Wickenhagen: Auch ich halte die kräftige N-Andüngung für notwendig, um alle Triebe hochzubringen. Aktuell haben wir in 2007 in einer ersten Gabe 25 cbm (ca. 70kgN) und zusammen mit der Unkrautbehandlung noch einmal 50 Liter AHL (ca. 16-18kg N) ausgebracht.
Diegel: Bei der N-Düngung darf nicht gespart werden, dies ist auch meine Erfahrung. In fünf Gaben bringe ich insgesamt 210kg N auf den Hektar. Bei P und K reichen in der Regel 60kg/ha aus. Alle Nährstoffe werden streng nach Bodenprobe berechnet. Zusätzlich düngen wir mindestens 20kgS, die Spurennährstoffe werden zusammen mit der Fungizidbehandlung ausgebracht.
Schneider: In Thüringen gibt es derzeit gute Vermarktungschancen für Brotweizen. Gefragt sind sichere B-Qualitäten für Grundmahlweizen mit Proteingehalten zwischen 12 und 12,5 Prozent. Diese Werte lassen sich über die Düngung gezielt ansteuern. Die Höhe der ersten, eher verhaltenen, N-Gabe richtet sich auch nach Anzahl der Triebe. Je weniger Triebe, desto stärker die Andüngung. Die 2. Gabe erfolgt mit 80-100kg N/ha ins Schossen, weil dann in der Regel ausreichend Feuchtigkeit zur Verfügung steht.
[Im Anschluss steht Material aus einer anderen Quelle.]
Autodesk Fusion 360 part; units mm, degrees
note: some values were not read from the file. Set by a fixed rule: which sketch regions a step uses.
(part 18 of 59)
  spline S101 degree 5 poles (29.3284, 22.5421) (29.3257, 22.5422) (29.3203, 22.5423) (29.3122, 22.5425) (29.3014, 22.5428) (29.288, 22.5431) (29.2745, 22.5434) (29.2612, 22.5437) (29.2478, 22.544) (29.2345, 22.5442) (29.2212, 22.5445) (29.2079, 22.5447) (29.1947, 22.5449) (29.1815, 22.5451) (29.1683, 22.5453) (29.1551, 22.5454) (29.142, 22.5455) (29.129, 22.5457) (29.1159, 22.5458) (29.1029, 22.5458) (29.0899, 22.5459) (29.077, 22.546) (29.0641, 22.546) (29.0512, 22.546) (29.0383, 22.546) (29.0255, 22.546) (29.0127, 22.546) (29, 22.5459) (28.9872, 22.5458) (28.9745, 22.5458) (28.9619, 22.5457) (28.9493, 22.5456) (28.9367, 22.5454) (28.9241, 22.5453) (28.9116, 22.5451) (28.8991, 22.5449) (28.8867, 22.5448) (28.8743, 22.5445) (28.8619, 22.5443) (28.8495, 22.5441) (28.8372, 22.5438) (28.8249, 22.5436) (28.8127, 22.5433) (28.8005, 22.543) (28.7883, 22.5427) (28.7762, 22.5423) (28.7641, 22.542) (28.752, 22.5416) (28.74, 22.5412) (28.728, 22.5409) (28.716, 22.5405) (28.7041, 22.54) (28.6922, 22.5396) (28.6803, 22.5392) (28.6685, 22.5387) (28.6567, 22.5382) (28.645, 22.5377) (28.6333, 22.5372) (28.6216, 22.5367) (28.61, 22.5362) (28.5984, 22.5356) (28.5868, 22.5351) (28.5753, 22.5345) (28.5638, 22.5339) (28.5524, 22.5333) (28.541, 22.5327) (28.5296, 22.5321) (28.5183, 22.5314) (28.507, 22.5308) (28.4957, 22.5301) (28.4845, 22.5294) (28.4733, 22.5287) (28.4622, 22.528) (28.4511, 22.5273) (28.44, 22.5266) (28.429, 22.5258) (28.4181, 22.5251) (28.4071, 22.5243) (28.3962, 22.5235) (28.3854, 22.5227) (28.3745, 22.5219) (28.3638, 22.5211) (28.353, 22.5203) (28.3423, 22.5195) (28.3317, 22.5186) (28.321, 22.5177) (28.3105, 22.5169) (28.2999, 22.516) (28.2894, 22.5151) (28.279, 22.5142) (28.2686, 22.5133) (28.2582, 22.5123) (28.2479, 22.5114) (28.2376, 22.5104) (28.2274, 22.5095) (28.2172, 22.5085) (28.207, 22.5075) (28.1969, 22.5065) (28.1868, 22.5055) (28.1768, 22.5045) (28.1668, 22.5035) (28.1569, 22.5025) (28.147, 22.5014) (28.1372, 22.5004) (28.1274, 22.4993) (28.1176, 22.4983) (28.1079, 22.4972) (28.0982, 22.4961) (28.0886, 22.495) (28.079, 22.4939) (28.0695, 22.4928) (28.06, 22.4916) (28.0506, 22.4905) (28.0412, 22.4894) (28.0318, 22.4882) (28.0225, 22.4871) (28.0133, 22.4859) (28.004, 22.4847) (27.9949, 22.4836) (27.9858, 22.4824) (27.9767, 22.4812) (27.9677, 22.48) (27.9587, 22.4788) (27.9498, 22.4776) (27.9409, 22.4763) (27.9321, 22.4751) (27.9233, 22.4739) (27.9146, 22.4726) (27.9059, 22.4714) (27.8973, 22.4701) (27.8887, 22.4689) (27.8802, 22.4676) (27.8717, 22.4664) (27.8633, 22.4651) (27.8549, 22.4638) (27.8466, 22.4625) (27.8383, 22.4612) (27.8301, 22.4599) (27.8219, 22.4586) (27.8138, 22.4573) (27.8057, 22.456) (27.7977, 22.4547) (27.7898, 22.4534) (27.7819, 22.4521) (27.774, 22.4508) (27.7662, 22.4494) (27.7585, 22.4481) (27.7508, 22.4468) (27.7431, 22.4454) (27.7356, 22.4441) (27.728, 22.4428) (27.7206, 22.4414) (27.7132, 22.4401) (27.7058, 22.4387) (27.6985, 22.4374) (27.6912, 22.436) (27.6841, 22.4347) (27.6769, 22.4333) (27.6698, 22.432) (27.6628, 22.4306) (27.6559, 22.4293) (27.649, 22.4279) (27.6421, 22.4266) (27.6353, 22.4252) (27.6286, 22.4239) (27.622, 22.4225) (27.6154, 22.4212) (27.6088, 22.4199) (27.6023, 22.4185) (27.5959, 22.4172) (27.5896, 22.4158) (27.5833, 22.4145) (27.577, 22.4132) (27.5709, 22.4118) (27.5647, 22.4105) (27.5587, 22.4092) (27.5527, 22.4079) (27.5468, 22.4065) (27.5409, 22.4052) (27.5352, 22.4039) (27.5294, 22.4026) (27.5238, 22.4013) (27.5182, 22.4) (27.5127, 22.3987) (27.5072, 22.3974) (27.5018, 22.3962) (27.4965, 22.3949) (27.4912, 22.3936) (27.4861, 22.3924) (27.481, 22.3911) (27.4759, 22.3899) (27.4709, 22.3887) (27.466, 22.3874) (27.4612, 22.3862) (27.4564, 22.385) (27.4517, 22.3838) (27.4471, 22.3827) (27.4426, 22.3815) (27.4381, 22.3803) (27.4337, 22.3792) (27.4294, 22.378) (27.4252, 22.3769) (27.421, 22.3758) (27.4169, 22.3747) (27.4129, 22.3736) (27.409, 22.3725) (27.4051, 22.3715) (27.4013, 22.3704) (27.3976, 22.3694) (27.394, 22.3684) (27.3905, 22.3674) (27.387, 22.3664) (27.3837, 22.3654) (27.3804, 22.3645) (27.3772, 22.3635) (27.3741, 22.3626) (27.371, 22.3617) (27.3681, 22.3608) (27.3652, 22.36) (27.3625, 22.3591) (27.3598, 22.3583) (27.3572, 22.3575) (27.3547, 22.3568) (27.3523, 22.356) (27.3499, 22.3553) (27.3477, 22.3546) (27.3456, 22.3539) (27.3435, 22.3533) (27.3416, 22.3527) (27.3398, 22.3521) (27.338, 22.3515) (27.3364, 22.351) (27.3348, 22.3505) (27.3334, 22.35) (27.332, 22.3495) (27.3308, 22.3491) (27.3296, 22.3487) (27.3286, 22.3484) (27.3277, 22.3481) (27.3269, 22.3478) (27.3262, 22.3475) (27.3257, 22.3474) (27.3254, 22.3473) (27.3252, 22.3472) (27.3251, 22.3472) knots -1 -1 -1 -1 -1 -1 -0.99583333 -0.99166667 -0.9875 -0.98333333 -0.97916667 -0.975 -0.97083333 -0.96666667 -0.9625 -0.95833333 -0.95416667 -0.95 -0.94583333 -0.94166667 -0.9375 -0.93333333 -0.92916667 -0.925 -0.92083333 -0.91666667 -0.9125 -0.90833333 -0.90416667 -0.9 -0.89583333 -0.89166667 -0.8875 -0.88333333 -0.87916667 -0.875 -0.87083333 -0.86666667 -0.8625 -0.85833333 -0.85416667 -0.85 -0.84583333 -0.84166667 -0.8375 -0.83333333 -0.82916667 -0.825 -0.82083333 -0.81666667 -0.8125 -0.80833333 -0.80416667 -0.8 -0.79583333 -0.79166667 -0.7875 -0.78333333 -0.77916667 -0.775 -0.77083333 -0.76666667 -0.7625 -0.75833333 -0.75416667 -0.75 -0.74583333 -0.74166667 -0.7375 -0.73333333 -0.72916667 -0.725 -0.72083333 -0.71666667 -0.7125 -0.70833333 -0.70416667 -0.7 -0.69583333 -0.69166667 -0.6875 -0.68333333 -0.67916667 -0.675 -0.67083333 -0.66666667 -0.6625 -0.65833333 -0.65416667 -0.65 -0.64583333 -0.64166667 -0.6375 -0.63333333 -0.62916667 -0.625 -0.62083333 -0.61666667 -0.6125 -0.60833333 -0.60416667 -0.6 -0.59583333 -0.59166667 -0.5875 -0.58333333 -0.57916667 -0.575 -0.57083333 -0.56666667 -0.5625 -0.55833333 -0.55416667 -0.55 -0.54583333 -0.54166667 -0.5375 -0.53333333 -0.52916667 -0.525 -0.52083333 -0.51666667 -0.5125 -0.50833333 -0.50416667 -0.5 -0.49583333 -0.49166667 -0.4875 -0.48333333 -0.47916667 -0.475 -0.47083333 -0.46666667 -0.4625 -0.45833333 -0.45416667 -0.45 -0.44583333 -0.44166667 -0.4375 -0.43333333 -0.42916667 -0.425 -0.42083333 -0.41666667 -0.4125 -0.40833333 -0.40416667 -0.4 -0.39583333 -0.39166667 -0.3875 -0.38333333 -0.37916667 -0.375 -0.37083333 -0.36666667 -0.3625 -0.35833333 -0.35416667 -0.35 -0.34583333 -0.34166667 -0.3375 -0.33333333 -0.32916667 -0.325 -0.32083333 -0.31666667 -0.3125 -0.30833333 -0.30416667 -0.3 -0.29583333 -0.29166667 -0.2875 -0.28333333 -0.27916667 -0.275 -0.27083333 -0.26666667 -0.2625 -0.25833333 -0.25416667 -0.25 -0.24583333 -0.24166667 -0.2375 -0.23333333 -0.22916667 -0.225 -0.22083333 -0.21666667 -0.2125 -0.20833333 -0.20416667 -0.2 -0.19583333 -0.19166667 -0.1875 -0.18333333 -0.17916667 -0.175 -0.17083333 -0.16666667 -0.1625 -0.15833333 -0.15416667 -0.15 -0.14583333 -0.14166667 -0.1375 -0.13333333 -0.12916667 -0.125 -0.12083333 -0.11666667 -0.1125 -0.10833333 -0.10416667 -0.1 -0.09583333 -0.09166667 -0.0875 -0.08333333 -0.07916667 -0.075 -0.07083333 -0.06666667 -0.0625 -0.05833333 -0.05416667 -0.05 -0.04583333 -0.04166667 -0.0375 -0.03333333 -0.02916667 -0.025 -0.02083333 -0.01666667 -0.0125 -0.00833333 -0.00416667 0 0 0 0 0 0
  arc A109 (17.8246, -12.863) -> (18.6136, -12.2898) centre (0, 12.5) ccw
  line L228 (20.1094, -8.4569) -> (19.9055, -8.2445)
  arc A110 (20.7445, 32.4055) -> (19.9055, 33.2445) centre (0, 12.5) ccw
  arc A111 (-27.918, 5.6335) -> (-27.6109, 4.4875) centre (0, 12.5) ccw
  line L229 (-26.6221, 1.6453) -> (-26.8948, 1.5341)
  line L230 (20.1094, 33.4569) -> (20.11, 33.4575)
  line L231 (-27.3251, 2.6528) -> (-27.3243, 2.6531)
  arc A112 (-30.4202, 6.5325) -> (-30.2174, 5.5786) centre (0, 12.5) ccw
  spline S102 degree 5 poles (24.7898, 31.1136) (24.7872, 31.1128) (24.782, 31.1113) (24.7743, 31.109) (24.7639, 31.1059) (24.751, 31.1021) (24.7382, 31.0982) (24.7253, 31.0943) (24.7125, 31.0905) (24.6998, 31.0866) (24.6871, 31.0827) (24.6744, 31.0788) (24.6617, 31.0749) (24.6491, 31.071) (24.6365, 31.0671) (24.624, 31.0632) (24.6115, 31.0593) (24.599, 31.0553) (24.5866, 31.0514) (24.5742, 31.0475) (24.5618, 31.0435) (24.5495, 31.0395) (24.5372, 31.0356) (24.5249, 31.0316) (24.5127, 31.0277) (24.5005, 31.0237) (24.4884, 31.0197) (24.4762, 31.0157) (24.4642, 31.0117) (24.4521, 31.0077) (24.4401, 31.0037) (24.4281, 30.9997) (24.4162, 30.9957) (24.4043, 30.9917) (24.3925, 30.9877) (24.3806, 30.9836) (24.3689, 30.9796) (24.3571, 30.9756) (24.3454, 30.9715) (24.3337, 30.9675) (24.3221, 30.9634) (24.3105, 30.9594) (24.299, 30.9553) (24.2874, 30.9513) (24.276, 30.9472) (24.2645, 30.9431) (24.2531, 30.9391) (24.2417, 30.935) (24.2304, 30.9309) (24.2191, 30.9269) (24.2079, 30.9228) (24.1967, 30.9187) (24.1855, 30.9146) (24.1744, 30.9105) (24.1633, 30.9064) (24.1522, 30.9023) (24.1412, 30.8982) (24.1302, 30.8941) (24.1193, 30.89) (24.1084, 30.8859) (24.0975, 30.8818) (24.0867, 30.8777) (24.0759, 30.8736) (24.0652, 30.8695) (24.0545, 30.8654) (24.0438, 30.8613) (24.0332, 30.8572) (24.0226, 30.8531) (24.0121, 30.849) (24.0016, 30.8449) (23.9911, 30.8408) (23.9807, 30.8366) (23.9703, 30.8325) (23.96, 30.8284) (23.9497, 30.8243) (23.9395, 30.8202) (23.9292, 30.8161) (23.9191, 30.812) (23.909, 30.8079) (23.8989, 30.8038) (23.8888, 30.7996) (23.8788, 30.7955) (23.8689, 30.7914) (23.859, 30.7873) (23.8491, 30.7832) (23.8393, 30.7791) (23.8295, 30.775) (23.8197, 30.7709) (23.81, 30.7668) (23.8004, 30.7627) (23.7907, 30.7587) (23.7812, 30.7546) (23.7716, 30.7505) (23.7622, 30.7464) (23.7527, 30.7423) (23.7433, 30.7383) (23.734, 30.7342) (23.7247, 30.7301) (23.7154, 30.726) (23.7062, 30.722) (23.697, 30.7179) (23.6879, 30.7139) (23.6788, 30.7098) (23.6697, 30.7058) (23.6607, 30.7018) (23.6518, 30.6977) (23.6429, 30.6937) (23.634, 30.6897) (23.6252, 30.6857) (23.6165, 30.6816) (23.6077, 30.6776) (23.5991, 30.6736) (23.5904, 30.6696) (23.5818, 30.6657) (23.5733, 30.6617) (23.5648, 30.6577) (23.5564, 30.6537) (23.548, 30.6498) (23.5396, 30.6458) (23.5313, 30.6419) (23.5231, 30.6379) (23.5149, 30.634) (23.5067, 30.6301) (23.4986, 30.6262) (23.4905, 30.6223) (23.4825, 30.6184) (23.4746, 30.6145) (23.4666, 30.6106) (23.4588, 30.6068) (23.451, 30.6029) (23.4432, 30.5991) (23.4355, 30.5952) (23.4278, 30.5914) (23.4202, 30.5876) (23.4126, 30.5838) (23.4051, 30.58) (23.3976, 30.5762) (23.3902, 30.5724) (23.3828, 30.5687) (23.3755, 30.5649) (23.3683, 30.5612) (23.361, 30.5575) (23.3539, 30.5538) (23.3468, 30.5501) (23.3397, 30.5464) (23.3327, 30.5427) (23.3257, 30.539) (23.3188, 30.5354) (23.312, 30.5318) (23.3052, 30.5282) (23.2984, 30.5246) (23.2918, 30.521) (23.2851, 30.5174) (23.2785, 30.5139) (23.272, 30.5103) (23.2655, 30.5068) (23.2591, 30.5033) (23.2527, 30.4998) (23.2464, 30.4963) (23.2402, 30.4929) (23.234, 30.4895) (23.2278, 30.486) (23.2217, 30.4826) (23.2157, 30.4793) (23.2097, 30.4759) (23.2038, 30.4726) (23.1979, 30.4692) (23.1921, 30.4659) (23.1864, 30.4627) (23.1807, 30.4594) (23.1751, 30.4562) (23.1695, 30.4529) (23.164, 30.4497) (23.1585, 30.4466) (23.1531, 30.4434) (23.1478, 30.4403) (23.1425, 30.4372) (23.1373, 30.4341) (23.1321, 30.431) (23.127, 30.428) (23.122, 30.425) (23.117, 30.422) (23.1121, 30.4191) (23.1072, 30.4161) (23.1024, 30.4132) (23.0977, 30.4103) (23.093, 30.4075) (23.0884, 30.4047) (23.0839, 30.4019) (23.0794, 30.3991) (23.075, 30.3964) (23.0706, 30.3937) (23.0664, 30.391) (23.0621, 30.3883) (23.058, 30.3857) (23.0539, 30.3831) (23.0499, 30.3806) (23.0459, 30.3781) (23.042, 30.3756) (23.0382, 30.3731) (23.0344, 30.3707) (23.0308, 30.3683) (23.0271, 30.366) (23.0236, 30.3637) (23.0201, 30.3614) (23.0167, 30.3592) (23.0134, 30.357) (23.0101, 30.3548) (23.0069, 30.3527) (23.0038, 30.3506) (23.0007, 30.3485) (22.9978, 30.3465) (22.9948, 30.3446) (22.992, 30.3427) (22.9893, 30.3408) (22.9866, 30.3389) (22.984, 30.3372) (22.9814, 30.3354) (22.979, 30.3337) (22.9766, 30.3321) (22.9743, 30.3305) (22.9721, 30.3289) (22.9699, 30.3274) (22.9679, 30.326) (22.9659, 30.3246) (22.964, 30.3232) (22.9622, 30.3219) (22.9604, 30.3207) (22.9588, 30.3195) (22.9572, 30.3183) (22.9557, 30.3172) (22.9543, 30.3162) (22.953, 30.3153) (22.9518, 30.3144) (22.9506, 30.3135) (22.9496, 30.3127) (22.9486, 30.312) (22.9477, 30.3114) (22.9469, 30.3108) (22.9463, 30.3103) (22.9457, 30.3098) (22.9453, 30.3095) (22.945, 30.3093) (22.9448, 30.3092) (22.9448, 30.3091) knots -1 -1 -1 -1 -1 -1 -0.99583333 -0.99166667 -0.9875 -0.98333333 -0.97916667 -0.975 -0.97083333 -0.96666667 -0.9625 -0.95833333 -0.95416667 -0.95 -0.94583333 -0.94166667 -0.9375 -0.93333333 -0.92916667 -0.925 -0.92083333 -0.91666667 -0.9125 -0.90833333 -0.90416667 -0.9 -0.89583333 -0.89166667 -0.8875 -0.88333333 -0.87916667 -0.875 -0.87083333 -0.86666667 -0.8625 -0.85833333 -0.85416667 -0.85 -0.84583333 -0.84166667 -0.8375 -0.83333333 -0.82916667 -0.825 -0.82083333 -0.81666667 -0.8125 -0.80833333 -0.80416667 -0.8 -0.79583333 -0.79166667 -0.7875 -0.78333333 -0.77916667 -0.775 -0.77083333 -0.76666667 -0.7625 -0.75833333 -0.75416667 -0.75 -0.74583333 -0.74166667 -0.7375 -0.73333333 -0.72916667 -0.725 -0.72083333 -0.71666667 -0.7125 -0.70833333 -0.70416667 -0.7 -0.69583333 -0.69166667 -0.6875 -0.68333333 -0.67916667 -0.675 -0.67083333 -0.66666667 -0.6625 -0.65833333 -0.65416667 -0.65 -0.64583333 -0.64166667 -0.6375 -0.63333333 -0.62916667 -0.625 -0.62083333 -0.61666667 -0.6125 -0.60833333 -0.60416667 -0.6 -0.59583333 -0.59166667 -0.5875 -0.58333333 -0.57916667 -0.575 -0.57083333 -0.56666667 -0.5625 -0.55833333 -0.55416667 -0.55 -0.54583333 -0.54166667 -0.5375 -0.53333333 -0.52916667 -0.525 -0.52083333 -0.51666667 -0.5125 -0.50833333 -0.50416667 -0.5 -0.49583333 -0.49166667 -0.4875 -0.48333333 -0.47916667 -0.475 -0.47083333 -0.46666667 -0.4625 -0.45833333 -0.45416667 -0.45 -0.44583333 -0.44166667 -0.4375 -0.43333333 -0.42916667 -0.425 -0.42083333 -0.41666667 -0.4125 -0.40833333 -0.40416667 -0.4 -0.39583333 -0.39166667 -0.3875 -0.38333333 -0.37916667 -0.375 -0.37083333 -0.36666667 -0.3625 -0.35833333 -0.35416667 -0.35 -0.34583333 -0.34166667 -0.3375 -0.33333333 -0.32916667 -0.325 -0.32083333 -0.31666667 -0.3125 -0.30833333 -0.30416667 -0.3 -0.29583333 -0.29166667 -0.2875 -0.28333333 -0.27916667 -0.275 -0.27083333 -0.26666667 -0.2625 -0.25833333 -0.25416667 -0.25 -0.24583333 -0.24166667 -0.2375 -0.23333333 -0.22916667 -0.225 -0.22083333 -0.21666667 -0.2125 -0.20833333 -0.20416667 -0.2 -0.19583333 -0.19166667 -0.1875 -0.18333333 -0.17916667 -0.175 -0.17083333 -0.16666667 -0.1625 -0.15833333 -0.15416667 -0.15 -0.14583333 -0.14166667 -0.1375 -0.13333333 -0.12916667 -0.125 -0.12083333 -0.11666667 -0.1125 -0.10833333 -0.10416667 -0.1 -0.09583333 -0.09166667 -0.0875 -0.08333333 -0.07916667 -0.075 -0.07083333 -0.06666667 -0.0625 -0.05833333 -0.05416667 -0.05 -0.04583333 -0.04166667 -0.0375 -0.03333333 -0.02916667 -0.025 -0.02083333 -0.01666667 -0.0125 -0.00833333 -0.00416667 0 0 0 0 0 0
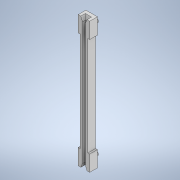
# Autodesk Inventor part: CCA Rail
Saved by Autodesk Inventor 2021 (Build 250183000, 183)
## iProperties
Created: 2022-07-24
Part Number: CCA Rail
Material: Generic
Document SubType Name: Modeling
Designer: erics
Density: 1 g/cm^3
Appearance: Default
Author: erics
Autodesk Inventor part; units mm, degrees
ref_plane "YZ Plane" through (0, 0, 0) normal (1, 0, 0) x (0, 1, 0)
ref_plane "XZ Plane" through (0, 0, 0) normal (0, 1, 0) x (-1, 0, 0)
ref_plane "XY Plane" through (0, 0, 0) normal (0, 0, 1) x (1, 0, 0)
sketch "Sketch1" plane through (0, 0, 0) normal (0, 0, 1) x (1, 0, 0)
  line L0 (0, 0) -> (9.8, 0)
  line L1 (9.8, 0) -> (9.8, 13.6)
  line L2 (9.8, 13.6) -> (0, 13.6)
  line L3 (0, 13.6) -> (0, 0)
  line L4 (1.575, 13.6) -> (8.225, 13.6)
  line L5 (8.225, 13.6) -> (8.225, 98.4)
  line L6 (8.225, 98.4) -> (1.575, 98.4)
  line L7 (1.575, 98.4) -> (1.575, 13.6)
  line L8 (1.575, 56) -> (8.225, 56) construction
  line L9 (0, 112) -> (9.8, 112)
  line L10 (9.8, 112) -> (9.8, 98.4)
  line L11 (9.8, 98.4) -> (0, 98.4)
  line L12 (0, 98.4) -> (0, 112)
  line L13 (1.575, 98.4) -> (8.225, 98.4)
  circle A0 centre (4.9, 6.75) radius 2
  line L14 (4.9, 6.75) -> (4.9, 56) construction
  circle A1 centre (4.9, 105.25) radius 2
  line L15 (4.9, 105.25) -> (4.9, 56) construction
  point P0 (4.9, 13.6)
  point P1 (4.9, 98.4)
  dimension "d0" = 9.8
  dimension "d1" = 13.6
  dimension "d2" = 112
  dimension "d3" = 6.65
  dimension "d6" = 4
  dimension "d7" = 98.5
  constraints: 32 end point, 5 midpoint, 5 symmetric about line, 4 parallel, 2 centre point, 2 horizontal, 2 perpendicular, 2 vertical, 1 collinear, 1 equal radius
  measures "d0" distance of L2.end L1.end
  measures "d1" distance of L1.end L0.end
  measures "d2" distance between parallel lines of L0 L9
  measures "d3" distance between parallel lines of L5 L7
  measures "d6" diameter of A0
  measures "d7" distance of L15.start L14.start
extrude "Extrusion1" add sketch "Sketch1" along normal blind 6.6 contours L3 L2 L1 L0 | L7 L6 L5 L2 | L11 L12 L9 L10 L6 | A0 | A1
extrude "Extrusion2" add sketch "Sketch1" against normal blind 3.75 contours A0 | A1
sketch "Sketch2" plane through (0, 0, 6.6) normal (0, 0, 1) x (1, 0, 0)
  line L0 (0, 0) -> (9.8, 0) projected
  line L1 (3.7, 0) -> (6.1, 0)
  line L2 (6.1, 0) -> (6.1, 112)
  line L3 (6.1, 112) -> (3.7, 112)
  line L4 (3.7, 112) -> (3.7, 0)
  line L5 (9.8, 112) -> (0, 112) projected
  point P0 (4.9, 112)
  dimension "d10" = 2.4
  constraints: 8 end point, 2 midpoint, 2 parallel, 1 horizontal, 1 perpendicular, 1 point on line
  measures "d10" distance between parallel lines of L2 L4
extrude "Extrusion3" cut sketch "Sketch2" against normal blind 2.4
chamfer "Chamfer1" distance 3.5 angle 22.5 1 edges at (3.7, 112, 5.4) measured on face at (3.7, 74.6667, 5.8)
chamfer "Chamfer2" distance 3.5 angle 22.5 1 edges at (6.1, 112, 5.4) measured on face at (6.1, 37.3333, 5.8)
chamfer "Chamfer3" distance 3.5 angle 22.5 1 edges at (4.9, 112, 4.2) measured on face at (4.5, 36.1667, 4.2)
chamfer "Chamfer4" distance 3.5 angle 22.5 1 edges at (3.7, 0, 5.4) measured on face at (3.7, 36.1667, 5)
chamfer "Chamfer5" distance 3.5 angle 22.5 1 edges at (6.1, 0, 5.4) measured on face at (6.1, 36.1667, 5.8)
chamfer "Chamfer6" distance 3.5 angle 22.5 1 edges at (4.9, 0, 4.2) measured on face at (5.3, 73.5, 4.2)
body "Solid1"

Welche weiteren Pflanzenschutzmaßnahmen erachten Sie für wichtig, vor allem auch hinsichtlich des zurückliegenden, milden Winters?
Erdbrügge: Unabhängig von der Witterung ist eine rechtzeitige CCC-Behandlung empfehlenswert. Auch diese Maßnahme fördert die Bestockung im Frühjahr. Strobilurine setze ich bewusst spät ein, etwa zum Zeitpunkt des Ährenschiebens, weil ich damit einen hervorragenden Greening-Effekt erziele.
Diegel: Hybridweizen muss hohe Leistungen erbringen, entsprechend muss man ihn mit entsprechenden Maßnahmen unterstützen. Eine Ährenabschlussbehandlung ist deshalb ein Muss.
Wickenhagen: Ich bin in diesem Frühjahr mit Wachstumsreglern etwas reduzierter in den Bestand gegangen und habe die Behandlung vor Ostern noch einmal wiederholt. Ansonsten müssen wir in diesem Jahr sehr wachsam sein. Ein Halmbruch- und Mehltaujahr ist zu befürchten.
Wir danken Ihnen für dieses interessante Gespräch.